TASK INPUTS: Begin

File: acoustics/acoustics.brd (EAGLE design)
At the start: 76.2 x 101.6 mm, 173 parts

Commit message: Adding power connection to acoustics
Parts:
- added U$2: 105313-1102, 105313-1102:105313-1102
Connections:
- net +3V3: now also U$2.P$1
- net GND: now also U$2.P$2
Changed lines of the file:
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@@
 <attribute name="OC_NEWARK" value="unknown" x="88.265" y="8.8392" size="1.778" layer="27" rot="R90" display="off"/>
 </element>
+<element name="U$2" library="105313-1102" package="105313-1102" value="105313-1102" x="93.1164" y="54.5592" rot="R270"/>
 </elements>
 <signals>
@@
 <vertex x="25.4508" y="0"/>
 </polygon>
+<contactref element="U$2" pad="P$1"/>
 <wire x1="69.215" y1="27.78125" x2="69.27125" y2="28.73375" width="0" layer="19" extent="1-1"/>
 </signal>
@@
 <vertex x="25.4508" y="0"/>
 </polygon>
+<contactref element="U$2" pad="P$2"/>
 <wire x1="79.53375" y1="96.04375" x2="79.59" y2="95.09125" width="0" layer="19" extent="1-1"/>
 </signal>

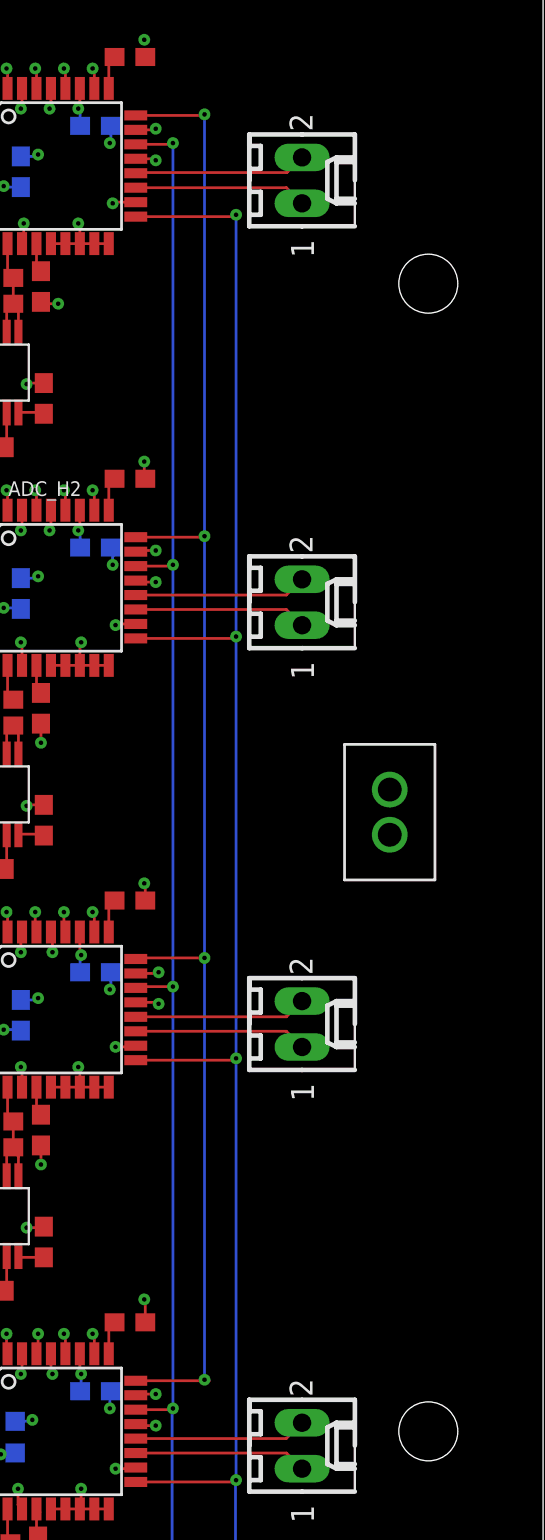
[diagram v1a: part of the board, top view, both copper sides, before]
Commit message: Fixing the power connector to add spot for nub
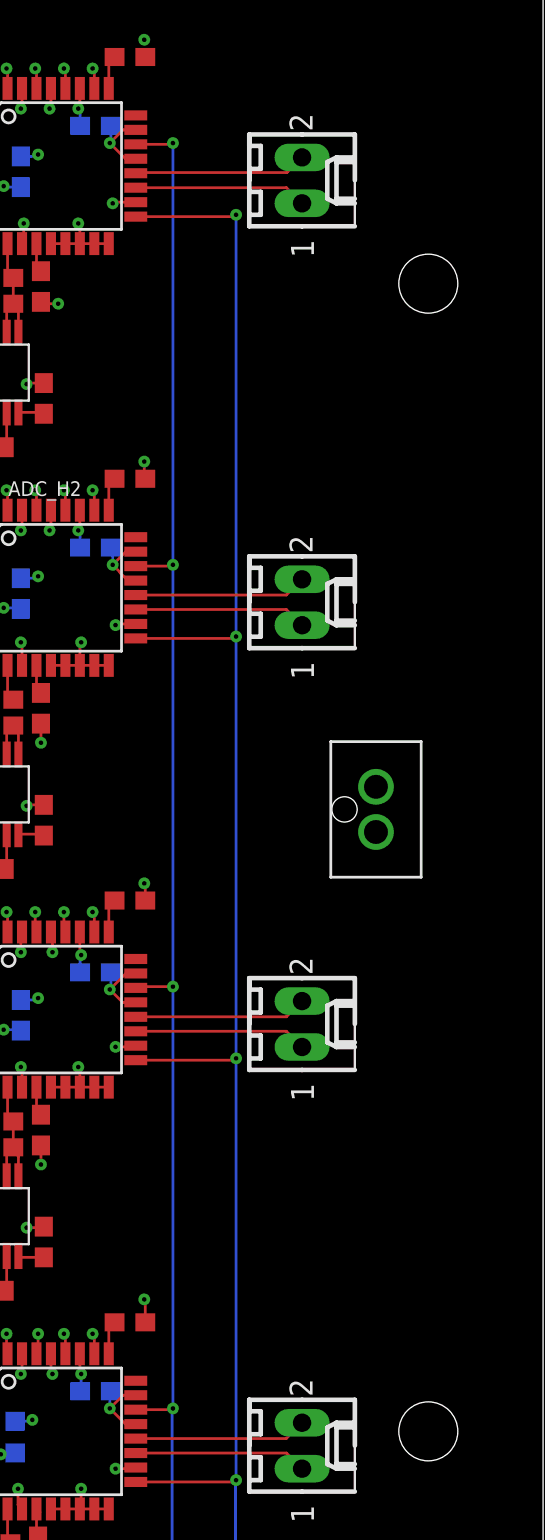
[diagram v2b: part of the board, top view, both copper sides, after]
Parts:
- moved U$2 0.78 mm to (92.4, 54.7)
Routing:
- net CLK: track 85.8 -> 0.00 mm, vias 4 -> 0
- net GND: track 138.3 -> 142.7 mm, vias 116 -> 108
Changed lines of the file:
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@@
 <setting verticaltext="up"/>
 </settings>
-<grid distance="0.006" unitdist="inch" unit="inch" style="lines" multiple="1" display="yes" altdistance="5" altunitdist="mil" altunit="mil"/>
+<grid distance="0.006" unitdist="inch" unit="inch" style="lines" multiple="1" display="no" altdistance="5" altunitdist="mil" altunit="mil"/>
 <layers>
 <layer number="1" name="Top" color="4" fill="1" visible="yes" active="yes"/>
@@
 <attribute name="OC_NEWARK" value="unknown" x="88.265" y="8.8392" size="1.778" layer="27" rot="R90" display="off"/>
 </element>
-<element name="U$2" library="105313-1102" package="105313-1102" value="105313-1102" x="93.1164" y="54.5592" rot="R270"/>
+<element name="U$2" library="105313-1102" package="105313-1102" value="105313-1102" x="92.3544" y="54.7116" rot="R270"/>
 </elements>
 <signals>
@@
 <wire x1="76.77125" y1="24.3525" x2="76.67625" y2="24.4475" width="0.1524" layer="1"/>
 <via x="76.67625" y="24.4475" extent="1-16" drill="0.25" diameter="0.55"/>
-<wire x1="79.06385" y1="21.05" x2="79.1276" y2="21.11375" width="0.1524" layer="1"/>
-<wire x1="79.1276" y1="21.11375" x2="80.16875" y2="21.11375" width="0.1524" layer="1"/>
-<via x="80.16875" y="21.11375" extent="1-16" drill="0.25" diameter="0.55"/>
 <wire x1="73.57125" y1="23.3426" x2="73.66" y2="23.43135" width="0.1524" layer="1"/>
 <wire x1="73.66" y1="23.43135" x2="73.66" y2="24.4475" width="0.1524" layer="1"/>
@@
 <contactref element="ADC_H4" pad="18"/>
 <contactref element="ADC_H4" pad="21"/>
-<wire x1="79.06385" y1="19.45" x2="79.14635" y2="19.3675" width="0.1524" layer="1"/>
-<wire x1="79.14635" y1="19.3675" x2="80.16875" y2="19.3675" width="0.1524" layer="1"/>
-<via x="80.16875" y="19.3675" extent="1-16" drill="0.25" diameter="0.55"/>
 <wire x1="79.06385" y1="17.05" x2="79.0001" y2="16.98625" width="0.1524" layer="1"/>
 <wire x1="79.0001" y1="16.98625" x2="77.94625" y2="16.98625" width="0.1524" layer="1"/>
@@
 <wire x1="77.685" y1="43.7125" x2="77.62875" y2="43.4975" width="0.1524" layer="16"/>
 <via x="77.62875" y="43.4975" extent="1-16" drill="0.25"/>
-<via x="80.3275" y="44.45" extent="1-16" drill="0.25"/>
-<via x="80.3275" y="42.70375" extent="1-16" drill="0.25"/>
-<wire x1="79.06385" y1="44.38625" x2="80.26375" y2="44.38625" width="0.1524" layer="1"/>
-<wire x1="80.26375" y1="44.38625" x2="80.3275" y2="44.45" width="0.1524" layer="1"/>
-<wire x1="79.06385" y1="42.78625" x2="80.245" y2="42.78625" width="0.1524" layer="1"/>
-<wire x1="80.245" y1="42.78625" x2="80.3275" y2="42.70375" width="0.1524" layer="1"/>
 <via x="79.53375" y="49.37125" extent="1-16" drill="0.25"/>
 <wire x1="79.53375" y1="49.37125" x2="79.59" y2="49.315" width="0.1524" layer="1"/>
@@
 <wire x1="79.59" y1="71.755" x2="79.53375" y2="71.81125" width="0.1524" layer="1"/>
 <wire x1="79.53375" y1="71.81125" x2="79.53375" y2="72.7075" width="0.1524" layer="1"/>
-<via x="80.16875" y="66.04" extent="1-16" drill="0.25"/>
-<via x="80.16875" y="67.78625" extent="1-16" drill="0.25"/>
-<wire x1="79.06385" y1="67.7225" x2="79.1276" y2="67.78625" width="0.1524" layer="1"/>
-<wire x1="79.1276" y1="67.78625" x2="80.16875" y2="67.78625" width="0.1524" layer="1"/>
-<wire x1="79.06385" y1="66.1225" x2="79.14635" y2="66.04" width="0.1524" layer="1"/>
-<wire x1="79.14635" y1="66.04" x2="80.16875" y2="66.04" width="0.1524" layer="1"/>
 <via x="77.94625" y="40.3225" extent="1-16" drill="0.25"/>
 <wire x1="79.06385" y1="40.38625" x2="79.0001" y2="40.3225" width="0.1524" layer="1"/>
@@
 <wire x1="70.47865" y1="88.65875" x2="69.45625" y2="88.65875" width="0.1524" layer="1"/>
 <wire x1="69.45625" y1="88.65875" x2="69.37375" y2="88.74125" width="0.1524" layer="1"/>
-<via x="80.16875" y="91.1225" extent="1-16" drill="0.25"/>
-<via x="80.16875" y="89.37625" extent="1-16" drill="0.25"/>
-<wire x1="79.06385" y1="91.05875" x2="80.105" y2="91.05875" width="0.1524" layer="1"/>
-<wire x1="80.105" y1="91.05875" x2="80.16875" y2="91.1225" width="0.1524" layer="1"/>
-<wire x1="79.06385" y1="89.45875" x2="80.08625" y2="89.45875" width="0.1524" layer="1"/>
-<wire x1="80.08625" y1="89.45875" x2="80.16875" y2="89.37625" width="0.1524" layer="1"/>
 <via x="54.45125" y="44.1325" extent="1-16" drill="0.25"/>
 <wire x1="54.48125" y1="45.3575" x2="54.48125" y2="44.1625" width="0.1524" layer="1"/>
@@
 <vertex x="25.4508" y="0"/>
 </polygon>
+<wire x1="79.06385" y1="91.05875" x2="78.35875" y2="91.05875" width="0.1524" layer="1"/>
+<wire x1="77.62875" y1="90.32875" x2="78.35875" y2="91.05875" width="0.1524" layer="1"/>
+<wire x1="79.06385" y1="89.45875" x2="78.49875" y2="89.45875" width="0.1524" layer="1"/>
+<wire x1="78.49875" y1="89.45875" x2="77.62875" y2="90.32875" width="0.1524" layer="1"/>
+<wire x1="79.06385" y1="21.05" x2="78.35875" y2="21.05" width="0.1524" layer="1"/>
+<wire x1="77.62875" y1="20.32" x2="78.35875" y2="21.05" width="0.1524" layer="1"/>
+<wire x1="79.06385" y1="19.45" x2="78.49875" y2="19.45" width="0.1524" layer="1"/>
+<wire x1="78.49875" y1="19.45" x2="77.62875" y2="20.32" width="0.1524" layer="1"/>
+<wire x1="79.06385" y1="42.78625" x2="78.34" y2="42.78625" width="0.1524" layer="1"/>
+<wire x1="77.62875" y1="43.4975" x2="78.34" y2="42.78625" width="0.1524" layer="1"/>
+<wire x1="79.06385" y1="44.38625" x2="78.5175" y2="44.38625" width="0.1524" layer="1"/>
+<wire x1="78.5175" y1="44.38625" x2="77.62875" y2="43.4975" width="0.1524" layer="1"/>
+<wire x1="79.06385" y1="67.7225" x2="78.5175" y2="67.7225" width="0.1524" layer="1"/>
+<wire x1="77.7875" y1="66.9925" x2="78.5175" y2="67.7225" width="0.1524" layer="1"/>
+<wire x1="78.20025" y1="66.5484125" x2="78.20025" y2="66.57975" width="0.1524" layer="1"/>
+<wire x1="78.20025" y1="66.57975" x2="77.7875" y2="66.9925" width="0.1524" layer="1"/>
+<wire x1="79.06385" y1="66.1225" x2="78.6261625" y2="66.1225" width="0.1524" layer="1"/>
+<wire x1="78.6261625" y1="66.1225" x2="78.20025" y2="66.5484125" width="0.1524" layer="1"/>
 <contactref element="U$2" pad="P$2"/>
 <wire x1="79.53375" y1="96.04375" x2="79.59" y2="95.09125" width="0" layer="19" extent="1-1"/>
@@
 <contactref element="ADC_H3" pad="24"/>
 <contactref element="ADC_H4" pad="24"/>
-<via x="82.8675" y="45.24375" extent="1-16" drill="0.25"/>
-<via x="82.8675" y="68.58" extent="1-16" drill="0.25"/>
-<via x="82.8675" y="91.91625" extent="1-16" drill="0.25"/>
-<via x="82.8675" y="21.9075" extent="1-16" drill="0.25"/>
-<wire x1="79.06385" y1="21.85" x2="83.1275" y2="21.85" width="0.1524" layer="1"/>
-<wire x1="83.1275" y1="21.85" x2="82.8675" y2="21.9075" width="0.1524" layer="1"/>
-<wire x1="82.8675" y1="21.9075" x2="82.8675" y2="45.24375" width="0.1524" layer="16"/>
-<wire x1="79.06385" y1="45.18625" x2="79.12135" y2="45.24375" width="0.1524" layer="1"/>
-<wire x1="79.12135" y1="45.24375" x2="82.8675" y2="45.24375" width="0.1524" layer="1"/>
-<wire x1="82.8675" y1="45.24375" x2="82.8675" y2="68.58" width="0.1524" layer="16"/>
-<wire x1="79.06385" y1="68.5225" x2="82.81" y2="68.5225" width="0.1524" layer="1"/>
-<wire x1="82.81" y1="68.5225" x2="82.8675" y2="68.58" width="0.1524" layer="1"/>
-<wire x1="82.8675" y1="68.58" x2="82.8675" y2="91.91625" width="0.1524" layer="16"/>
-<wire x1="79.06385" y1="91.85875" x2="82.81" y2="91.85875" width="0.1524" layer="1"/>
-<wire x1="82.81" y1="91.85875" x2="82.8675" y2="91.91625" width="0.1524" layer="1"/>
+<wire x1="79.06385" y1="68.5225" x2="79.06385" y2="91.85875" width="0" layer="19" extent="1-1"/>
+<wire x1="79.06385" y1="45.18625" x2="79.06385" y2="68.5225" width="0" layer="19" extent="1-1"/>
+<wire x1="79.06385" y1="21.85" x2="79.06385" y2="45.18625" width="0" layer="19" extent="1-1"/>
 </signal>
 </signals>

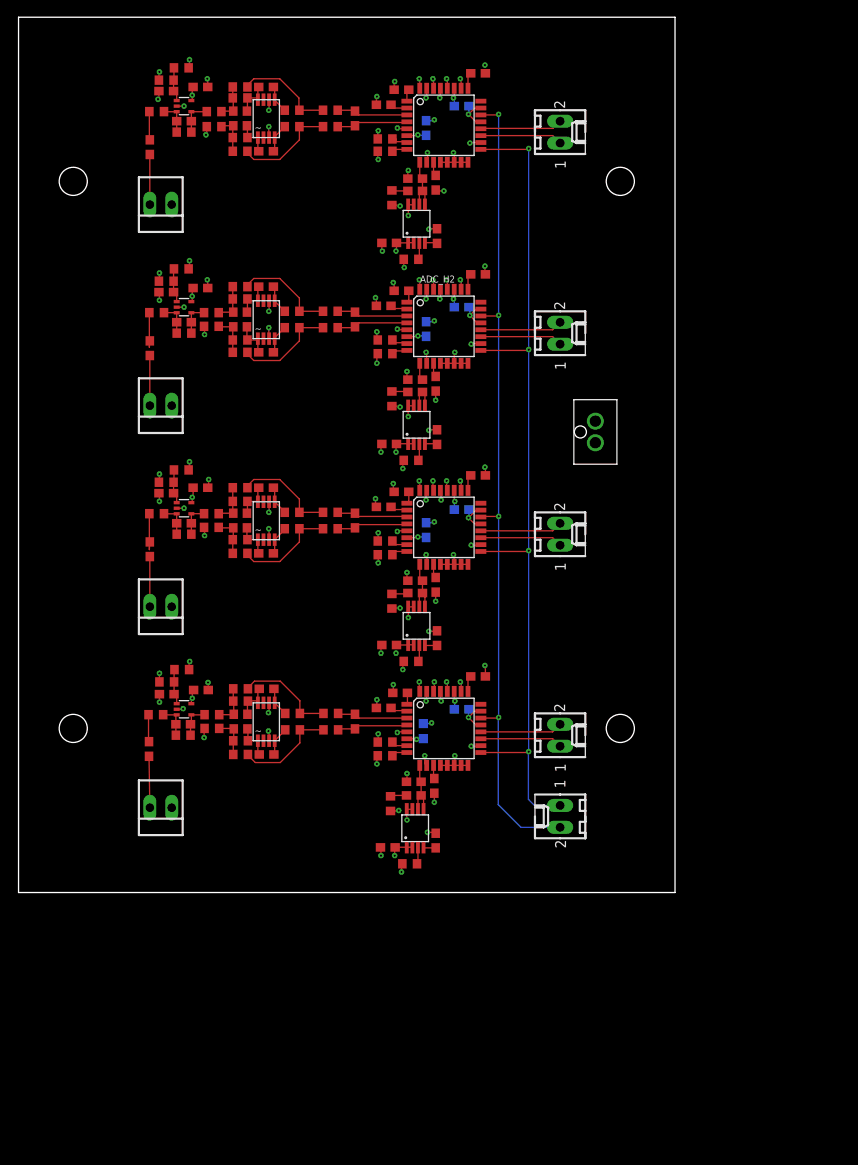
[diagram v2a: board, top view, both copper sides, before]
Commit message: Adding connectors and labels
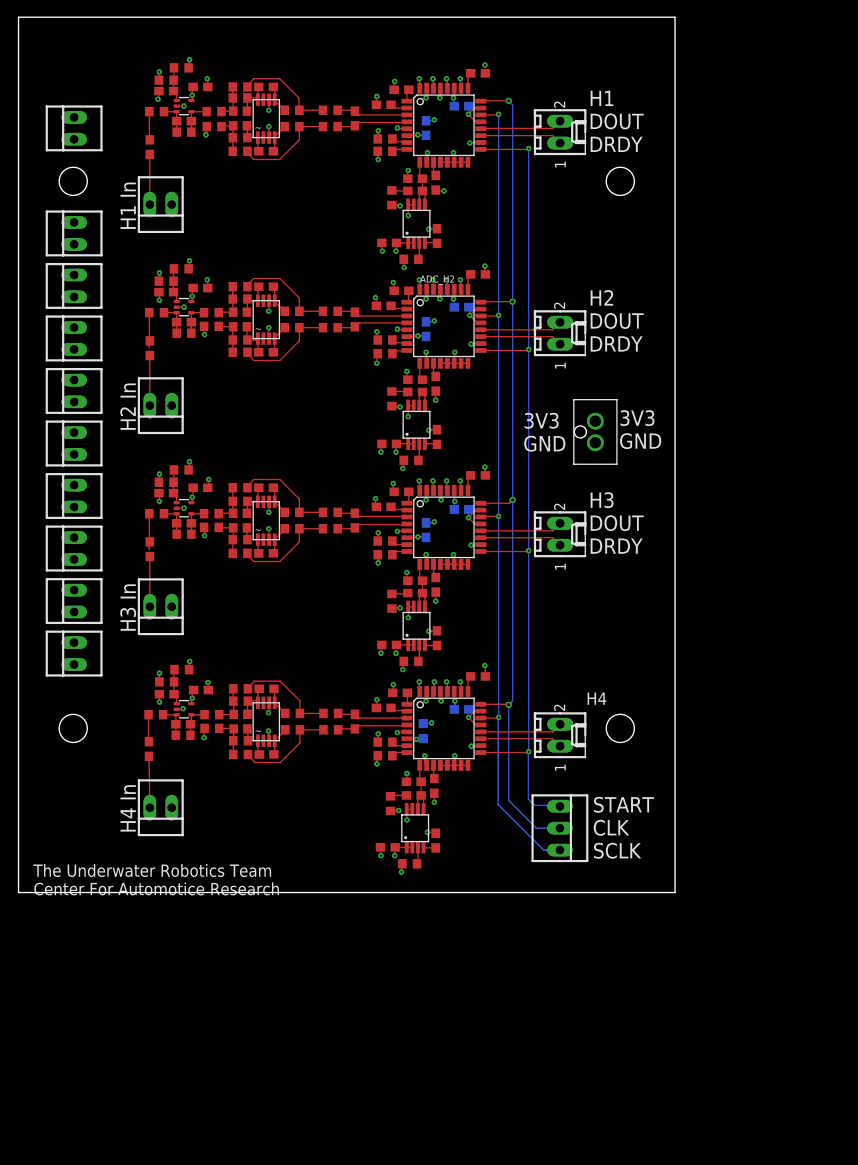
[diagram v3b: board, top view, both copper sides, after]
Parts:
- removed DCON: 22-27-2021-02, con-molex:6410-02
- added GNDPT1, GNDPT10, GNDPT2, GNDPT3, GNDPT4, GNDPT5, GNDPT6, GNDPT7, GNDPT8, GNDPT9: 22-23-2021, con-molex:22-23-2021
- added X1: 22-23-2031, con-molex:22-23-2031
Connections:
- net CLK: now also X1.2
- net GND: now also GNDPT1.1, GNDPT1.2, GNDPT10.1, GNDPT10.2, GNDPT2.1, GNDPT2.2, GNDPT3.1, GNDPT3.2, GNDPT4.1, GNDPT4.2, GNDPT5.1, GNDPT5.2, GNDPT6.1, GNDPT6.2, GNDPT7.1, GNDPT7.2, GNDPT8.1, GNDPT8.2, GNDPT9.1, GNDPT9.2
- net SCLK: now also X1.3; no longer DCON.2
- net START: now also X1.1; no longer DCON.1
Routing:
- net CLK: track 0.00 -> 102.9 mm, vias 0 -> 4
- net SCLK: track 96.9 -> 98.0 mm
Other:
- board text added: "3V3 GND"
- board text added: "H1 DOUT DRDY"
- board text added: "H1 In"
- board text added: "H2 DOUT DRDY"
- board text added: "H2 In"
- board text added: "H3 DOUT DRDY"
- board text added: "H3 In"
- board text added: "H4"
- board text added: "H4 In"
- board text added: "START CLK SCLK"
- board text added: "The Underwater Robotics Team Center For Automotice Research"

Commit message: Fixing schematic of new ADC package
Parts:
- removed ADC_H1, ADC_H2, ADC_H3, ADC_H4: ADS8322, ti-ads8322:TQFP-32
- added U1, U2, U3, U4: ADS124S08IPBSRPBS0032A_L, ADS127L01_ADC:PBS0032A_L
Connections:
- net +3V3: now also U1.27, U1.28, U1.29, U1.32, U1.6, U2.27, U2.28, U2.29, U2.32, U2.6, U3.27, U3.28, U3.29, U3.32, U3.6, U4.27, U4.28, U4.29, U4.32, U4.6; no longer ADC_H1.27, ADC_H1.28, ADC_H1.29, ADC_H1.32, ADC_H1.6, ADC_H2.27, ADC_H2.28, ADC_H2.29, ADC_H2.32, ADC_H2.6, ADC_H3.27, ADC_H3.28, ADC_H3.29, ADC_H3.32, ADC_H3.6, ADC_H4.27, ADC_H4.28, ADC_H4.29, ADC_H4.32, ADC_H4.6
- net ACD2_IN+: now also U2.4; no longer ADC_H2.4
- net ACD3_IN+: now also U3.4; no longer ADC_H3.4
- net ACD4_IN+: now also U4.4; no longer ADC_H4.4
- net ADC1_IN+: now also U1.4; no longer ADC_H1.4
- net ADC1_IN-: now also U1.3; no longer ADC_H1.3
- net ADC2_IN-: now also U2.3; no longer ADC_H2.3
- net ADC3_IN-: now also U3.3; no longer ADC_H3.3
- net ADC4_IN-: now also U4.3; no longer ADC_H4.3
- net CLK: now also U1.24, U2.24, U3.24, U4.24; no longer ADC_H1.24, ADC_H2.24, ADC_H3.24, ADC_H4.24
- net DOUT_H1: now also U1.20; no longer ADC_H1.20
- net DOUT_H2: now also U2.20; no longer ADC_H2.20
- net DOUT_H3: now also U3.20; no longer ADC_H3.20
- net DOUT_H4: now also U4.20; no longer ADC_H4.20
- net DRDY_H1: now also U1.19; no longer ADC_H1.19
- net DRDY_H2: now also U2.19; no longer ADC_H2.19
- net DRDY_H3: now also U3.19; no longer ADC_H3.19
- net DRDY_H4: now also U4.19; no longer ADC_H4.19
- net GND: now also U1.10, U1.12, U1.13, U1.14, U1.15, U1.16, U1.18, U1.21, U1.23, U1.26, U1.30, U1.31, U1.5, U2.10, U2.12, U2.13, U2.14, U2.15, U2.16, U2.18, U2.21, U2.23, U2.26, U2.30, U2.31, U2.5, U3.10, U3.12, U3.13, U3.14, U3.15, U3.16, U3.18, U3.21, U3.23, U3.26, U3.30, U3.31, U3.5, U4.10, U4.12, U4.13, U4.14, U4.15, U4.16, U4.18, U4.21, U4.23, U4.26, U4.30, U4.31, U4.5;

TASK INPUTS: End

TASK TO COMPLETE: Write the lines again exactly, from the first line of the material above to the line that includes "- net +3V3: now also U$2.P$1", both included. Leave out all the rest.

TASK RESPONSE:
File: acoustics/acoustics.brd (EAGLE design)
At the start: 76.2 x 101.6 mm, 173 parts

Commit message: Adding power connection to acoustics
Parts:
- added U$2: 105313-1102, 105313-1102:105313-1102
Connections:
- net +3V3: now also U$2.P$1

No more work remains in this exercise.